- [Work to complete]:
Pictures must be left out. Print the lines from the beginning of the material through the line holding "scene.name = 'Scene'", exactly and nothing else.

- [Source information]:
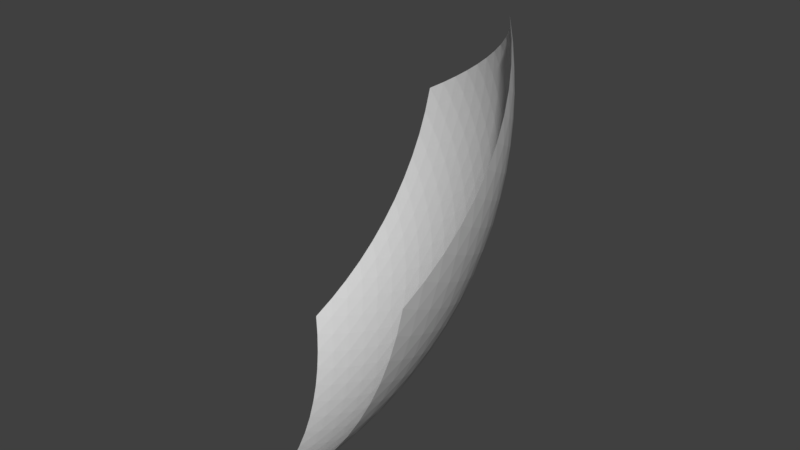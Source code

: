 # Source: Planet_water_part_07.blend  (saved by Blender 2.77.0; exported with 4.5.12 LTS)
import bpy
from mathutils import Matrix  # noqa: F401  (used for matrix-valued properties, if any)

bpy.ops.wm.read_factory_settings(use_empty=True)
scene = bpy.context.scene
scene.name = 'Scene'

# ---- collections
col_collection_1 = bpy.data.collections.new('Collection 1'); scene.collection.children.link(col_collection_1)

# ---- world
world_world = bpy.data.worlds.new('World'); scene.world = world_world
world_world.color = (0.05088, 0.05088, 0.05088)
world_world.use_sun_shadow = False
world_world.sun_shadow_jitter_overblur = 0.0
world_world.cycles.sampling_method = 'MANUAL'

# ---- meshes
me_planet_water_part_07 = bpy.data.meshes.new('Planet water part 07')
me_planet_water_part_07.from_pydata([(0.445, -0.0006118, -0.5831), (0.1369, 0.4234, -0.5831), (0.5829, 0.4228, 0.1372), (0.2225, 0.6848, -0.1382), (0.7201, -2.084e-05, -0.1383), (0.5305, 0.3852, -0.3284), (0.4247, 0.04155, -0.5966), (0.4025, 0.08352, -0.6075), (0.3785, 0.1251, -0.6157), (0.3529, 0.1662, -0.6212), (0.3257, 0.2065, -0.6239), (0.297, 0.2459, -0.6239), (0.2671, 0.2842, -0.6212), (0.236, 0.3213, -0.6157), (0.2038, 0.3569, -0.6075), (0.1708, 0.391, -0.5966), (0.5606, 0.4586, 0.113), (0.5358, 0.4925, 0.08826), (0.5086, 0.5241, 0.06317), (0.4792, 0.5535, 0.0378), (0.4476, 0.5804, 0.01226), (0.4141, 0.6047, -0.01334), (0.3788, 0.6264, -0.03888), (0.3418, 0.6453, -0.06425), (0.3033, 0.6614, -0.08934), (0.2635, 0.6746, -0.114), (0.4826, -0.000557, -0.5524), (0.5182, -0.0005033, -0.5192), (0.5514, -0.0004503, -0.4837), (0.5822, -0.0003979, -0.4461), (0.6105, -0.0003456, -0.4065), (0.636, -0.0002933, -0.3652), (0.6588, -0.0002406, -0.3222), (0.6787, -0.0001873, -0.2779), (0.6956, -0.0001331, -0.2323), (0.7094, -7.77e-05, -0.1857), (0.2191, 0.6746, -0.1857), (0.2148, 0.6615, -0.2323), (0.2095, 0.6455, -0.2778), (0.2033, 0.6266, -0.3222), (0.1963, 0.6049, -0.3652), (0.1883, 0.5806, -0.4065), (0.1795, 0.5538, -0.4461), (0.17, 0.5245, -0.4837), (0.1596, 0.4929, -0.5191), (0.1486, 0.4592, -0.5523), (0.61, 0.3905, 0.113), (0.6344, 0.3565, 0.08825), (0.6561, 0.321, 0.06316), (0.6748, 0.284, 0.03778), (0.6906, 0.2458, 0.01224), (0.7034, 0.2065, -0.01335), (0.713, 0.1663, -0.03889), (0.7195, 0.1254, -0.06426), (0.7229, 0.08387, -0.08935), (0.7231, 0.04202, -0.114), (0.5101, 0.4215, -0.3158), (0.4879, 0.4563, -0.3022), (0.4641, 0.4895, -0.2874), (0.4386, 0.521, -0.2717), (0.4115, 0.5507, -0.255), (0.383, 0.5784, -0.2374), (0.3532, 0.6041, -0.2189), (0.3221, 0.6277, -0.1997), (0.2899, 0.649, -0.1799), (0.2566, 0.6681, -0.1593), (0.1779, 0.4274, -0.5689), (0.2182, 0.4299, -0.5527), (0.2577, 0.4309, -0.5346), (0.2964, 0.4304, -0.5145), (0.3339, 0.4284, -0.4927), (0.3704, 0.4249, -0.4691), (0.4055, 0.4199, -0.4439), (0.4392, 0.4134, -0.4171), (0.4713, 0.4054, -0.3889), (0.5018, 0.396, -0.3593), (0.5587, 0.3547, -0.3158), (0.5849, 0.3229, -0.3022), (0.6091, 0.2899, -0.2874), (0.6312, 0.2559, -0.2717), (0.651, 0.2211, -0.255), (0.6686, 0.1854, -0.2374), (0.6838, 0.1491, -0.219), (0.6965, 0.1123, -0.1998), (0.7069, 0.07508, -0.1799), (0.7148, 0.0376, -0.1593), (0.4615, 0.03706, -0.5689), (0.4764, 0.0746, -0.5527), (0.4896, 0.1119, -0.5346), (0.501, 0.1487, -0.5146), (0.5107, 0.1851, -0.4927), (0.5186, 0.2208, -0.4691), (0.5247, 0.2557, -0.4439), (0.529, 0.2898, -0.4171), (0.5313, 0.3228, -0.3889), (0.5318, 0.3546, -0.3593), (0.5885, 0.4269, 0.09422), (0.5919, 0.4294, 0.05095), (0.5933, 0.4305, 0.007494), (0.5926, 0.43, -0.03599), (0.5899, 0.4281, -0.07935), (0.585, 0.4246, -0.1224), (0.5781, 0.4196, -0.1651), (0.5692, 0.4132, -0.2071), (0.5582, 0.4053, -0.2485), (0.5453, 0.396, -0.289), (0.4807, 0.4319, -0.3463), (0.4496, 0.4409, -0.3756), (0.4579, 0.4663, -0.3323), (0.4168, 0.4485, -0.4035), (0.4261, 0.4749, -0.3612), (0.4333, 0.4992, -0.3172), (0.3823, 0.4546, -0.43), (0.3924, 0.4822, -0.3888), (0.4007, 0.5075, -0.3458), (0.4071, 0.5303, -0.3011), (0.3464, 0.4593, -0.4549), (0.3572, 0.488, -0.4149), (0.3663, 0.5143, -0.373), (0.3736, 0.5383, -0.3293), (0.3792, 0.5597, -0.284), (0.309, 0.4624, -0.4781), (0.3203, 0.4922, -0.4394), (0.33, 0.5197, -0.3987), (0.3382, 0.5448, -0.356), (0.3448, 0.5673, -0.3117), (0.3498, 0.5871, -0.266), (0.2705, 0.464, -0.4996), (0.2819, 0.4949, -0.4622), (0.2921, 0.5235, -0.4227), (0.301, 0.5497, -0.3813), (0.3084, 0.5733, -0.338), (0.3144, 0.5942, -0.2932), (0.319, 0.6124, -0.2471), (0.2308, 0.464, -0.5191), (0.2423, 0.496, -0.4832), (0.2527, 0.5256, -0.445), (0.262, 0.5529, -0.4048), (0.2701, 0.5776, -0.3627), (0.2769, 0.5997, -0.319), (0.2825, 0.619, -0.2738), (0.2869, 0.6355, -0.2273), (0.1901, 0.4624, -0.5368), (0.2015, 0.4953, -0.5022), (0.2119, 0.526, -0.4653), (0.2214, 0.5543, -0.4264), (0.23, 0.5801, -0.3856), (0.2375, 0.6033, -0.343), (0.2439, 0.6238, -0.2989), (0.2493, 0.6415, -0.2534), (0.2535, 0.6563, -0.2068), (0.5025, 0.3649, -0.3898), (0.5013, 0.3326, -0.4191), (0.4714, 0.3739, -0.4191), (0.4983, 0.2991, -0.4471), (0.4696, 0.341, -0.4482), (0.4386, 0.3814, -0.4471), (0.4934, 0.2645, -0.4737), (0.4658, 0.307, -0.4759), (0.436, 0.348, -0.4759), (0.4042, 0.3874, -0.4736), (0.4866, 0.229, -0.4987), (0.4601, 0.2719, -0.5022), (0.4315, 0.3134, -0.5034), (0.4008, 0.3535, -0.5022), (0.3683, 0.3919, -0.4987), (0.4779, 0.1927, -0.522), (0.4525, 0.2357, -0.527), (0.425, 0.2777, -0.5295), (0.3955, 0.3183, -0.5295), (0.3641, 0.3574, -0.527), (0.331, 0.3949, -0.522), (0.4673, 0.1556, -0.5436), (0.4429, 0.1987, -0.55), (0.4164, 0.2408, -0.5539), (0.388, 0.2818, -0.5552), (0.3578, 0.3215, -0.5539), (0.3259, 0.3597, -0.55), (0.2925, 0.3963, -0.5436), (0.4549, 0.118, -0.5633), (0.4313, 0.1609, -0.5712), (0.4058, 0.203, -0.5765), (0.3784, 0.2442, -0.5792), (0.3492, 0.2843, -0.5792), (0.3185, 0.3231, -0.5765), (0.2863, 0.3604, -0.5712), (0.2528, 0.3961, -0.5633), (0.4407, 0.07992, -0.581), (0.4178, 0.1224, -0.5904), (0.3931, 0.1644, -0.5972), (0.3667, 0.2056, -0.6013), (0.3385, 0.2459, -0.6026), (0.3089, 0.2851, -0.6013), (0.2779, 0.323, -0.5972), (0.2456, 0.3595, -0.5904), (0.2122, 0.3943, -0.581), (0.5594, 0.3236, -0.3463), (0.5851, 0.2912, -0.3323), (0.5583, 0.2912, -0.3756), (0.6088, 0.2577, -0.3172), (0.5835, 0.2583, -0.3612), (0.5554, 0.2576, -0.4035), (0.6303, 0.2231, -0.3011), (0.6066, 0.2242, -0.3458), (0.58, 0.2241, -0.3888), (0.5506, 0.223, -0.43), (0.6496, 0.1876, -0.284), (0.6275, 0.1889, -0.3293), (0.6024, 0.1893, -0.373), (0.5745, 0.1888, -0.4149), (0.5439, 0.1874, -0.4549), (0.6665, 0.1512, -0.266), (0.6461, 0.1526, -0.3117), (0.6227, 0.1532, -0.356), (0.5964, 0.1532, -0.3987), (0.5672, 0.1524, -0.4394), (0.5354, 0.1509, -0.4781), (0.681, 0.1141, -0.2471), (0.6624, 0.1153, -0.2932), (0.6406, 0.1161, -0.338), (0.6159, 0.1163, -0.3813), (0.5882, 0.116, -0.4227), (0.5579, 0.1151, -0.4622), (0.5249, 0.1138, -0.4996), (0.6931, 0.0764, -0.2273), (0.6761, 0.07738, -0.2738), (0.656, 0.07802, -0.319), (0.6329, 0.07832, -0.3627), (0.6069, 0.07826, -0.4048), (0.5781, 0.07786, -0.445), (0.5466, 0.07712, -0.4832), (0.5127, 0.07602, -0.5192), (0.7025, 0.03829, -0.2069), (0.6872, 0.03883, -0.2535), (0.6687, 0.0392, -0.2989), (0.6472, 0.0394, -0.343), (0.6228, 0.03943, -0.3856), (0.5957, 0.03929, -0.4264), (0.5658, 0.03898, -0.4654), (0.5334, 0.03851, -0.5022), (0.4985, 0.03787, -0.5368), (0.5729, 0.3649, -0.276), (0.5853, 0.3738, -0.2351), (0.5986, 0.3326, -0.2619), (0.5957, 0.3812, -0.1932), (0.6104, 0.341, -0.2205), (0.6223, 0.2992, -0.2467), (0.6041, 0.3872, -0.1506), (0.6203, 0.3479, -0.1781), (0.6335, 0.307, -0.2047), (0.6438, 0.2647, -0.2304), (0.6105, 0.3916, -0.1074), (0.6281, 0.3534, -0.1349), (0.6429, 0.3134, -0.1618), (0.6545, 0.272, -0.1879), (0.6631, 0.2292, -0.2131), (0.6147, 0.3946, -0.06363), (0.6339, 0.3572, -0.09098), (0.6501, 0.3182, -0.1179), (0.6632, 0.2777, -0.1443), (0.6733, 0.2359, -0.17), (0.6801, 0.1929, -0.1949), (0.6168, 0.3959, -0.01955), (0.6375, 0.3595, -0.04652), (0.6551, 0.3214, -0.07329), (0.6697, 0.2818, -0.09973), (0.6812, 0.2409, -0.1257), (0.6896, 0.1989, -0.1511), (0.6947, 0.1559, -0.1758), (0.6168, 0.3957, 0.02469), (0.6388, 0.3601, -0.001702), (0.6579, 0.3229, -0.0281), (0.6739, 0.2842, -0.05438), (0.6869, 0.2442, -0.08042), (0.6967, 0.2031, -0.1061), (0.7033, 0.1611, -0.1313), (0.7067, 0.1184, -0.1559), (0.6145, 0.3939, 0.06892), (0.6378, 0.3591, 0.04329), (0.6582, 0.3228, 0.01746), (0.6757, 0.285, -0.008463), (0.6901, 0.2459, -0.03436), (0.7014, 0.2057, -0.0601), (0.7095, 0.1646, -0.08559), (0.7145, 0.1227, -0.1107), (0.7162, 0.08034, -0.1353), (0.5243, 0.4318, -0.276), (0.5015, 0.4662, -0.2619), (0.5366, 0.4408, -0.2351), (0.477, 0.4991, -0.2467), (0.5132, 0.4748, -0.2205), (0.547, 0.4483, -0.1932), (0.4508, 0.5303, -0.2304), (0.488, 0.5074, -0.2047), (0.5229, 0.482, -0.1781), (0.5553, 0.4544, -0.1506), (0.4231, 0.5596, -0.2131), (0.4611, 0.5382, -0.1879), (0.497, 0.5142, -0.1618), (0.5305, 0.4878, -0.1349), (0.5615, 0.459, -0.1074), (0.3938, 0.587, -0.1949), (0.4326, 0.5672, -0.17), (0.4693, 0.5446, -0.1443), (0.5039, 0.5195, -0.1179), (0.536, 0.492, -0.09098), (0.5657, 0.4621, -0.06363), (0.3631, 0.6123, -0.1758), (0.4024, 0.5941, -0.1511), (0.4399, 0.5732, -0.1257), (0.4753, 0.5495, -0.09973), (0.5085, 0.5233, -0.07329), (0.5393, 0.4946, -0.04652), (0.5677, 0.4636, -0.01955), (0.3311, 0.6354, -0.1559), (0.3708, 0.6189, -0.1313), (0.4088, 0.5996, -0.1061), (0.4449, 0.5774, -0.08042), (0.479, 0.5527, -0.05438), (0.5109, 0.5253, -0.0281), (0.5404, 0.4956, -0.001699), (0.5675, 0.4636, 0.02469), (0.2978, 0.6562, -0.1353), (0.3377, 0.6414, -0.1107), (0.376, 0.6237, -0.08558), (0.4127, 0.6032, -0.0601), (0.4475, 0.5799, -0.03435), (0.4803, 0.554, -0.008456), (0.5109, 0.5256, 0.01746), (0.5392, 0.4949, 0.0433), (0.5651, 0.4619, 0.06892)], [], [(3, 25, 65), (2, 46, 96), (4, 35, 85), (0, 6, 86), (1, 45, 66), (75, 56, 5), (74, 106, 75), (73, 107, 74), (72, 109, 73), (71, 112, 72), (70, 116, 71), (69, 121, 70), (68, 127, 69), (67, 134, 68), (66, 142, 67), (75, 106, 56), (106, 57, 56), (74, 107, 106), (107, 108, 106), (106, 108, 57), (108, 58, 57), (73, 109, 107), (109, 110, 107), (107, 110, 108), (110, 111, 108), (108, 111, 58), (111, 59, 58), (72, 112, 109), (112, 113, 109), (109, 113, 110), (113, 114, 110), (110, 114, 111), (114, 115, 111), (111, 115, 59), (115, 60, 59), (71, 116, 112), (116, 117, 112), (112, 117, 113), (117, 118, 113), (113, 118, 114), (118, 119, 114), (114, 119, 115), (119, 120, 115), (115, 120, 60), (120, 61, 60), (70, 121, 116), (121, 122, 116), (116, 122, 117), (122, 123, 117), (117, 123, 118), (123, 124, 118), (118, 124, 119), (124, 125, 119), (119, 125, 120), (125, 126, 120), (120, 126, 61), (126, 62, 61), (69, 127, 121), (127, 128, 121), (121, 128, 122), (128, 129, 122), (122, 129, 123), (129, 130, 123), (123, 130, 124), (130, 131, 124), (124, 131, 125), (131, 132, 125), (125, 132, 126), (132, 133, 126), (126, 133, 62), (133, 63, 62), (68, 134, 127), (134, 135, 127), (127, 135, 128), (135, 136, 128), (128, 136, 129), (136, 137, 129), (129, 137, 130), (137, 138, 130), (130, 138, 131), (138, 139, 131), (131, 139, 132), (139, 140, 132), (132, 140, 133), (140, 141, 133), (133, 141, 63), (141, 64, 63), (67, 142, 134), (142, 143, 134), (134, 143, 135), (143, 144, 135), (135, 144, 136), (144, 145, 136), (136, 145, 137), (145, 146, 137), (137, 146, 138), (146, 147, 138), (138, 147, 139), (147, 148, 139), (139, 148, 140), (148, 149, 140), (140, 149, 141), (149, 150, 141), (141, 150, 64), (150, 65, 64), (66, 45, 142), (45, 44, 142), (142, 44, 143), (44, 43, 143), (143, 43, 144), (43, 42, 144), (144, 42, 145), (42, 41, 145), (145, 41, 146), (41, 40, 146), (146, 40, 147), (40, 39, 147), (147, 39, 148), (39, 38, 148), (148, 38, 149), (38, 37, 149), (149, 37, 150), (37, 36, 150), (150, 36, 65), (36, 3, 65), (95, 75, 5), (94, 151, 95), (93, 152, 94), (92, 154, 93), (91, 157, 92), (90, 161, 91), (89, 166, 90), (88, 172, 89), (87, 179, 88), (86, 187, 87), (95, 151, 75), (151, 74, 75), (94, 152, 151), (152, 153, 151), (151, 153, 74), (153, 73, 74), (93, 154, 152), (154, 155, 152), (152, 155, 153), (155, 156, 153), (153, 156, 73), (156, 72, 73), (92, 157, 154), (157, 158, 154), (154, 158, 155), (158, 159, 155), (155, 159, 156), (159, 160, 156), (156, 160, 72), (160, 71, 72), (91, 161, 157), (161, 162, 157), (157, 162, 158), (162, 163, 158), (158, 163, 159), (163, 164, 159), (159, 164, 160), (164, 165, 160), (160, 165, 71), (165, 70, 71), (90, 166, 161), (166, 167, 161), (161, 167, 162), (167, 168, 162), (162, 168, 163), (168, 169, 163), (163, 169, 164), (169, 170, 164), (164, 170, 165), (170, 171, 165), (165, 171, 70), (171, 69, 70), (89, 172, 166), (172, 173, 166), (166, 173, 167), (173, 174, 167), (167, 174, 168), (174, 175, 168), (168, 175, 169), (175, 176, 169), (169, 176, 170), (176, 177, 170), (170, 177, 171), (177, 178, 171), (171, 178, 69), (178, 68, 69), (88, 179, 172), (179, 180, 172), (172, 180, 173), (180, 181, 173), (173, 181, 174), (181, 182, 174), (174, 182, 175), (182, 183, 175), (175, 183, 176), (183, 184, 176), (176, 184, 177), (184, 185, 177), (177, 185, 178), (185, 186, 178), (178, 186, 68), (186, 67, 68), (87, 187, 179), (187, 188, 179), (179, 188, 180), (188, 189, 180), (180, 189, 181), (189, 190, 181), (181, 190, 182), (190, 191, 182), (182, 191, 183), (191, 192, 183), (183, 192, 184), (192, 193, 184), (184, 193, 185), (193, 194, 185), (185, 194, 186), (194, 195, 186), (186, 195, 67), (195, 66, 67), (86, 6, 187), (6, 7, 187), (187, 7, 188), (7, 8, 188), (188, 8, 189), (8, 9, 189), (189, 9, 190), (9, 10, 190), (190, 10, 191), (10, 11, 191), (191, 11, 192), (11, 12, 192), (192, 12, 193), (12, 13, 193), (193, 13, 194), (13, 14, 194), (194, 14, 195), (14, 15, 195), (195, 15, 66), (15, 1, 66), (76, 95, 5), (77, 196, 76), (78, 197, 77), (79, 199, 78), (80, 202, 79), (81, 206, 80), (82, 211, 81), (83, 217, 82), (84, 224, 83), (85, 232, 84), (76, 196, 95), (196, 94, 95), (77, 197, 196), (197, 198, 196), (196, 198, 94), (198, 93, 94), (78, 199, 197), (199, 200, 197), (197, 200, 198), (200, 201, 198), (198, 201, 93), (201, 92, 93), (79, 202, 199), (202, 203, 199), (199, 203, 200), (203, 204, 200), (200, 204, 201), (204, 205, 201), (201, 205, 92), (205, 91, 92), (80, 206, 202), (206, 207, 202), (202, 207, 203), (207, 208, 203), (203, 208, 204), (208, 209, 204), (204, 209, 205), (209, 210, 205), (205, 210, 91), (210, 90, 91), (81, 211, 206), (211, 212, 206), (206, 212, 207), (212, 213, 207), (207, 213, 208), (213, 214, 208), (208, 214, 209), (214, 215, 209), (209, 215, 210), (215, 216, 210), (210, 216, 90), (216, 89, 90), (82, 217, 211), (217, 218, 211), (211, 218, 212), (218, 219, 212), (212, 219, 213), (219, 220, 213), (213, 220, 214), (220, 221, 214), (214, 221, 215), (221, 222, 215), (215, 222, 216), (222, 223, 216), (216, 223, 89), (223, 88, 89), (83, 224, 217), (224, 225, 217), (217, 225, 218), (225, 226, 218), (218, 226, 219), (226, 227, 219), (219, 227, 220), (227, 228, 220), (220, 228, 221), (228, 229, 221), (221, 229, 222), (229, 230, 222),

- [Result for this task]:
Source code

: # Source: Planet_water_part_07.blend  (saved by Blender 2.77.0; exported with 4.5.12 LTS)
import bpy
from mathutils import Matrix  # noqa: F401  (used for matrix-valued properties, if any)

bpy.ops.wm.read_factory_settings(use_empty=True)
scene = bpy.context.scene
scene.name = 'Scene'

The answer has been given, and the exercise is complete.